I noticed a dent on the rear passenger door of mine but I don't know how another car could have done it. Really annoys me looking down the side though as like yours it is perfect everywhere. Hope you get it repaired perfectly and for a good price.


----------



## herbiedacious (Sep 27, 2010)

You try and enjoy the rest of your day.Happy Birthday matey

Sent from my GT-I9100 using Tapatalk 2


----------



## avit88 (Mar 19, 2012)

Ok so I also drove it to Langsett for took some cheeky pictures seen as it was such a beautiful day up there!


----------



## Maggi200 (Aug 21, 2009)

Booked the car in to have its roof wrapped next week.

Otherwise I spent the day drinking cider in a beer garden


----------



## andy monty (Dec 29, 2007)

got the car up on 2 jacks and axle stands and washed the bottom of it from front to back ..... then took it for a thrape to dry it off, Ready to patch up the underseal tomorrow


----------



## Stezz (Apr 29, 2011)

As the car is just dusty, I went for a snow foam and 2bm then worked on the rest in the garage as it was lovely and cool.


----------



## dubstyle (Jun 13, 2007)

Done sod all to mine as it's currently having a new boot floor fitted at BMW :-( this weather better still be here when i get it back.


----------



## superrep25 (Mar 31, 2012)

Got woken by the birds on my guttering at 6.30 screaming some call it chirping it would be if there wasnt what sounded like 15000 lol. quick pre soak zymol shampoo solution through sprayer + inner arches apc on all the door jams quite dirty after all the ****e weather 2bm wash dry off clay then it got to hot by 10.30 so gave up and retired to the garden.only picked up the bora v6 yesterday so i was keen to crack on


----------



## stolt (Aug 29, 2011)

been on holiday for 10 days, couldnt wait to get back and give the R32 a clean and a wax, gave it another coat of vics concours and then some finishkare QD and then a glaze in the morning for good measure, was getting lots of approving looks when i took her for a spin at lunchtime.


----------



## Turbo Tony (Mar 20, 2012)

I got mine Terracleaned.

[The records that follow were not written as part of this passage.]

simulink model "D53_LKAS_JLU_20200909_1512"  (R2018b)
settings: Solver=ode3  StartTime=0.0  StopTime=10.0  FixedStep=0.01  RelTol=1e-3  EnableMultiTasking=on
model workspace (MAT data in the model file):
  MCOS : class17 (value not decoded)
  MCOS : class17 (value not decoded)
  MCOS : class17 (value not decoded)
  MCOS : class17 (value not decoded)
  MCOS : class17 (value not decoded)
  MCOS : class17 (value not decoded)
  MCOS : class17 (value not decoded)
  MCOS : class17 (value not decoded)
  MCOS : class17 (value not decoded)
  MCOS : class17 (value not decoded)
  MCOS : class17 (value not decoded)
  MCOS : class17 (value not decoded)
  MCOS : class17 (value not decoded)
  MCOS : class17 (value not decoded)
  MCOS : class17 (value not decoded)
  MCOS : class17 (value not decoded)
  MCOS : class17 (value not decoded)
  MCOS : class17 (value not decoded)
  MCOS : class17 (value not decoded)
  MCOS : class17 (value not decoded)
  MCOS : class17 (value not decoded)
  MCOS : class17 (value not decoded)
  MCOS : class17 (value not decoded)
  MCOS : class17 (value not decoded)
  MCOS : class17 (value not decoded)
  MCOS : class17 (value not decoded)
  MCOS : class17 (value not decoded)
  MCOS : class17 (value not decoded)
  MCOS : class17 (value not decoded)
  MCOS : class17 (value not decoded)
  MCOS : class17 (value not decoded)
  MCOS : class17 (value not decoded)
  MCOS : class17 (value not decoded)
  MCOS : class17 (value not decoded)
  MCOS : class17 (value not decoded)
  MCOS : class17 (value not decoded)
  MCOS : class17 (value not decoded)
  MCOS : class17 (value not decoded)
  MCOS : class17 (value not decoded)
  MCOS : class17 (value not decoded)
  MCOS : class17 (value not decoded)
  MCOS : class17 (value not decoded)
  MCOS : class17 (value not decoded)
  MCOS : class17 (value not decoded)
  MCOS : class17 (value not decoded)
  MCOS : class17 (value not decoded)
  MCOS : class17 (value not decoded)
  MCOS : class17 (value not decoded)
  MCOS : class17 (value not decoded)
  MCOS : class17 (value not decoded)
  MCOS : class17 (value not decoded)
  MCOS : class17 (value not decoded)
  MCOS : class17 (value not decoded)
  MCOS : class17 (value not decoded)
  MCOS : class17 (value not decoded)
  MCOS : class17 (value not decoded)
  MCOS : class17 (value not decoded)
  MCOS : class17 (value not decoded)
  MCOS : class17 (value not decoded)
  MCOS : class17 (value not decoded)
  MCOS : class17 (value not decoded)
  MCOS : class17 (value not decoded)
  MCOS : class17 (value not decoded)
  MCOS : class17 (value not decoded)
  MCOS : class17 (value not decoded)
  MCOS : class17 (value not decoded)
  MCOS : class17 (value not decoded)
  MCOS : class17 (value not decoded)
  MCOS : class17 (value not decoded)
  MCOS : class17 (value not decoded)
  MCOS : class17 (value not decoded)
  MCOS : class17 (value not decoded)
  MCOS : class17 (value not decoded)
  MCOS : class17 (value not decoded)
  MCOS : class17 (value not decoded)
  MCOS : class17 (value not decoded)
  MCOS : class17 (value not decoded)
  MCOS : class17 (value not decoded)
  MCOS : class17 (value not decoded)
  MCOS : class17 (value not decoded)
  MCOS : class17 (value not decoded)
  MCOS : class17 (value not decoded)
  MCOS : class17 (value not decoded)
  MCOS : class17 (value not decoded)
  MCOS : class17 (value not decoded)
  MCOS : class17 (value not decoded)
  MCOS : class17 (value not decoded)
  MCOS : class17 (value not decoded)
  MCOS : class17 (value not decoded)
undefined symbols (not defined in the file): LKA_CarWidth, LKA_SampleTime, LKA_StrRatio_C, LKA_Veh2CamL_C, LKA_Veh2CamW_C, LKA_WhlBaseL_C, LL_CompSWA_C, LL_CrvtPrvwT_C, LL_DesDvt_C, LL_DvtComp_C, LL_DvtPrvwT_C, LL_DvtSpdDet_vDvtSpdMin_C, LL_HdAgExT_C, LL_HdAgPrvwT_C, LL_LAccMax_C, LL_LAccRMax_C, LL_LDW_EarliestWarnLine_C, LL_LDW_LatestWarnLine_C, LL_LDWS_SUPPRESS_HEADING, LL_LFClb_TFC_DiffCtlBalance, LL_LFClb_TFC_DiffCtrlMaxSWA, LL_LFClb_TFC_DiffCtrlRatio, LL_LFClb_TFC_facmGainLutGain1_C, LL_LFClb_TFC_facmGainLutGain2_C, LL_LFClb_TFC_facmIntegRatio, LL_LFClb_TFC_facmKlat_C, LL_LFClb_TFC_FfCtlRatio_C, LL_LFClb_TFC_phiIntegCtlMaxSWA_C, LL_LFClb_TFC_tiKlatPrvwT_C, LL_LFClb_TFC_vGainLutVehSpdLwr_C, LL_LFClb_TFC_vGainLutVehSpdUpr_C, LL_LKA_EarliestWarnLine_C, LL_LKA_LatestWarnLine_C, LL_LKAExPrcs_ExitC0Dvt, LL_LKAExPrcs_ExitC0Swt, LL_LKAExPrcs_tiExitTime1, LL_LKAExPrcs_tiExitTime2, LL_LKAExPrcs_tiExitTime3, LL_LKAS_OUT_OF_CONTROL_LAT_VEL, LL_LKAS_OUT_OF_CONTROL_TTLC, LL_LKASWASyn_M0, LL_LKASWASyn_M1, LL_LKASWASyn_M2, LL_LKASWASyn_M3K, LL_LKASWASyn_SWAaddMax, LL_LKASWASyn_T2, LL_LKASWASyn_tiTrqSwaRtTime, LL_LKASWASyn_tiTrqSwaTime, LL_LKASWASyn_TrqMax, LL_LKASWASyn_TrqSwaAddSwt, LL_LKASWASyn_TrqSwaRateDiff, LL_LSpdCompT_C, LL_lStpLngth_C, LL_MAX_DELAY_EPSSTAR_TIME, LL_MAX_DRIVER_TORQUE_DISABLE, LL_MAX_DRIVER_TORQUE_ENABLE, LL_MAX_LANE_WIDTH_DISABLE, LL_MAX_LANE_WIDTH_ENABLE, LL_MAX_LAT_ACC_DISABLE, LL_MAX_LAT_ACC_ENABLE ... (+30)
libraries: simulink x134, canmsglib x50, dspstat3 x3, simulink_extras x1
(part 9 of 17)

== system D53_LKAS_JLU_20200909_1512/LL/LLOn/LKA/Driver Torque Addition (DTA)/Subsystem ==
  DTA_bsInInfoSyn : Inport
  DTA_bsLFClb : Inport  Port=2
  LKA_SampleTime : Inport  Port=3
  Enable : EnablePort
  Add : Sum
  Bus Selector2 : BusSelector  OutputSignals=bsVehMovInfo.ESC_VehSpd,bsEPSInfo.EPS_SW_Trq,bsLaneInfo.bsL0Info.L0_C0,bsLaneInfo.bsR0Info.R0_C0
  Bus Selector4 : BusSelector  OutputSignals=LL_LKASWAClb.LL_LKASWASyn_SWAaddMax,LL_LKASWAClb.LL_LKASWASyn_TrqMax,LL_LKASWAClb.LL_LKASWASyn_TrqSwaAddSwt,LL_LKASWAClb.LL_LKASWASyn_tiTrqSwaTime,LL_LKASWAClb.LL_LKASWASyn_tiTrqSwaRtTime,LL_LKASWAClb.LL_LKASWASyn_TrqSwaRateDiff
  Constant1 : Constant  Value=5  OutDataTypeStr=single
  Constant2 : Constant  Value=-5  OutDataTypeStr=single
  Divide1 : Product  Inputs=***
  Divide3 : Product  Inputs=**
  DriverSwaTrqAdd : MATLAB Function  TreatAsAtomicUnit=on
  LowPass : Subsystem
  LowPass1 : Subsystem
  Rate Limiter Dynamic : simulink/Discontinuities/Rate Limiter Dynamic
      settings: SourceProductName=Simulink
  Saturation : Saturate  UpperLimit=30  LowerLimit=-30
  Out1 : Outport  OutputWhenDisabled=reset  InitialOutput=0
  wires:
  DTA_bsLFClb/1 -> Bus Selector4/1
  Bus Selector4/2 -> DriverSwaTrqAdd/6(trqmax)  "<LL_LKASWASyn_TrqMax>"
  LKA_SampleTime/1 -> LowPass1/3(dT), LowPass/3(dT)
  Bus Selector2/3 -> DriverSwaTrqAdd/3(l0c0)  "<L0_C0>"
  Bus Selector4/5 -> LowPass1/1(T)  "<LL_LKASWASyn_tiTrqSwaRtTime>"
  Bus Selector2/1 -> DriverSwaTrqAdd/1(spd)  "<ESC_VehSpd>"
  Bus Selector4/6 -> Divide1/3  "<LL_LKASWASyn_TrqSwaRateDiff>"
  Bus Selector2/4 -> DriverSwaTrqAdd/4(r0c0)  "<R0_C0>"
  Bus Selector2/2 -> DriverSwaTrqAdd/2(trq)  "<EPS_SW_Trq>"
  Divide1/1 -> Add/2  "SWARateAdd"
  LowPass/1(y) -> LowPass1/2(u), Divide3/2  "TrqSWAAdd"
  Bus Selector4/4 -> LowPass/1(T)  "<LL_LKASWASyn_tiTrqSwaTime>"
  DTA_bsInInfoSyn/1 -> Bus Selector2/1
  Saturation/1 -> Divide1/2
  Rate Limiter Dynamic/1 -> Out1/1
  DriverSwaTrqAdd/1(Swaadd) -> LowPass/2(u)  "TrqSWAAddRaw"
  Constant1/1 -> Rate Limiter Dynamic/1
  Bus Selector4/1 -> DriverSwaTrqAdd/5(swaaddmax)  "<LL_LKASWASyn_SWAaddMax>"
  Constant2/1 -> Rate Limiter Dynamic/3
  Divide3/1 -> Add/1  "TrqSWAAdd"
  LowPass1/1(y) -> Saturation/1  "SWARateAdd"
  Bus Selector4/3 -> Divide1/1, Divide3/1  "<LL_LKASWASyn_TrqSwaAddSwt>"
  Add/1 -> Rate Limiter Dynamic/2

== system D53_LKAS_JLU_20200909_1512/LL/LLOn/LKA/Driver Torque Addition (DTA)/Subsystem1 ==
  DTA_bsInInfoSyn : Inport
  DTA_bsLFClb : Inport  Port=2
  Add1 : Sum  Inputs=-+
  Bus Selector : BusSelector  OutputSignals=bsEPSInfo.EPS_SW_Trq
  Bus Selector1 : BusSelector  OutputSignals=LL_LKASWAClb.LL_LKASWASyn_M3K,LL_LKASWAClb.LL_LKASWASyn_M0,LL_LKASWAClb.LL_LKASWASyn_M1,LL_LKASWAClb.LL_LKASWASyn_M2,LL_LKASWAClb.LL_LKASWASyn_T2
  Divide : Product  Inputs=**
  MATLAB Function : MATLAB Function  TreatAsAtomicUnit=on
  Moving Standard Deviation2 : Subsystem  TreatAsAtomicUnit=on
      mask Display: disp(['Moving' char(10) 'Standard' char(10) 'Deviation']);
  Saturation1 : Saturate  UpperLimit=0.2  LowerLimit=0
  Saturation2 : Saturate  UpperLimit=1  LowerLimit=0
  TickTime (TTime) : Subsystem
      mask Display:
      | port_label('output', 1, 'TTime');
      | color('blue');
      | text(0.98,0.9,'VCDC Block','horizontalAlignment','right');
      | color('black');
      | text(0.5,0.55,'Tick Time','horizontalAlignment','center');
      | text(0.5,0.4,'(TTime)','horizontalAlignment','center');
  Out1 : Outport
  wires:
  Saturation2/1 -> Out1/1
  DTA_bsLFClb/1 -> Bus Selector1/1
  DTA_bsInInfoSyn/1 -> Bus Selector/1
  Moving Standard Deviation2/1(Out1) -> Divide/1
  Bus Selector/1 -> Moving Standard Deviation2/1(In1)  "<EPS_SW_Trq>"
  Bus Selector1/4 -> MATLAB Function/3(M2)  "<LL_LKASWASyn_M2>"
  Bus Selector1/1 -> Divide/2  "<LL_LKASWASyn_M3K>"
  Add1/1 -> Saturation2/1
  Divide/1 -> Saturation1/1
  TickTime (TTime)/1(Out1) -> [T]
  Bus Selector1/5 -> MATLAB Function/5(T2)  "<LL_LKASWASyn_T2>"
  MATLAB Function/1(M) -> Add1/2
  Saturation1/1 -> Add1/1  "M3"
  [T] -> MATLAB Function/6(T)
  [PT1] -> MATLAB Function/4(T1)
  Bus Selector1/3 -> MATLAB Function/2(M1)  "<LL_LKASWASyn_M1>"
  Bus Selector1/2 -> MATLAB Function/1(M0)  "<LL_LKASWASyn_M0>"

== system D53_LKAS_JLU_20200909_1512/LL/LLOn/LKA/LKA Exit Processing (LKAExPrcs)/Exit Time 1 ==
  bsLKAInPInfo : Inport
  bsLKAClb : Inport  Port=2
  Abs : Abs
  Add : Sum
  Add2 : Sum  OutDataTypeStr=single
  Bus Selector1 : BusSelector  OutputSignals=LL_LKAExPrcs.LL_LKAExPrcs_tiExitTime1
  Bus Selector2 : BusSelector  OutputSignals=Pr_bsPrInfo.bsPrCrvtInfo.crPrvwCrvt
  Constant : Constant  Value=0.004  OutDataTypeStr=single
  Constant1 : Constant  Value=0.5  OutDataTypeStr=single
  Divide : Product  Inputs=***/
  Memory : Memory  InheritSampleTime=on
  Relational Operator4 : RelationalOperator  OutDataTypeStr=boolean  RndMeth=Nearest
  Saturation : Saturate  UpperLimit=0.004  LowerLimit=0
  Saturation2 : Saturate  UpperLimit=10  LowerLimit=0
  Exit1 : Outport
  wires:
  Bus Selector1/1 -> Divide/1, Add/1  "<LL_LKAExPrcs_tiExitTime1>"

Look out for the report in the Off Topic forum soon...


----------



## NornIron (May 12, 2007)

Washed both with ONR... 18 litres of water between both cars :thumb: Jetta got a quick coat of Opti-Seal and the Polo a coat of OCW, cleaned the glass on both and tidied the interiors... All in just over 2 hours and 26 degrees


----------



## msb (Dec 20, 2009)

Washed both cars and taken a nice cruise round roof down in the mx5,also collected a fair few bug splats
Oh well another excuse for some more cleaning


----------



## ITHAQVA (Feb 20, 2011)

Nothing, Sunday is bath night down here for the white wolf  :thumb:


----------



## ArcticVXR (Apr 10, 2007)

Full Auto Finesse wash and wax ready to go to a wedding reception


----------



## Derekh929 (Aug 28, 2011)

Nothing daughter 15th birthday so entertainment all day


----------



## r37 (Mar 6, 2012)

set about cleaning my black car. turned out to be a f***ing nightmare. The old burton water just left massive streaks all over the place. Then a friend turned up to point out what a mess i'd made. 20 mins and half a bottle of QD later my car looked pretty good which was more than can be said for his


----------



## SKY (Sep 25, 2011)

Naff all today on the car front - enjoyed a nice rest.


----------



## Naddy37 (Oct 27, 2005)

Got the Micra washed, with the hosepipe...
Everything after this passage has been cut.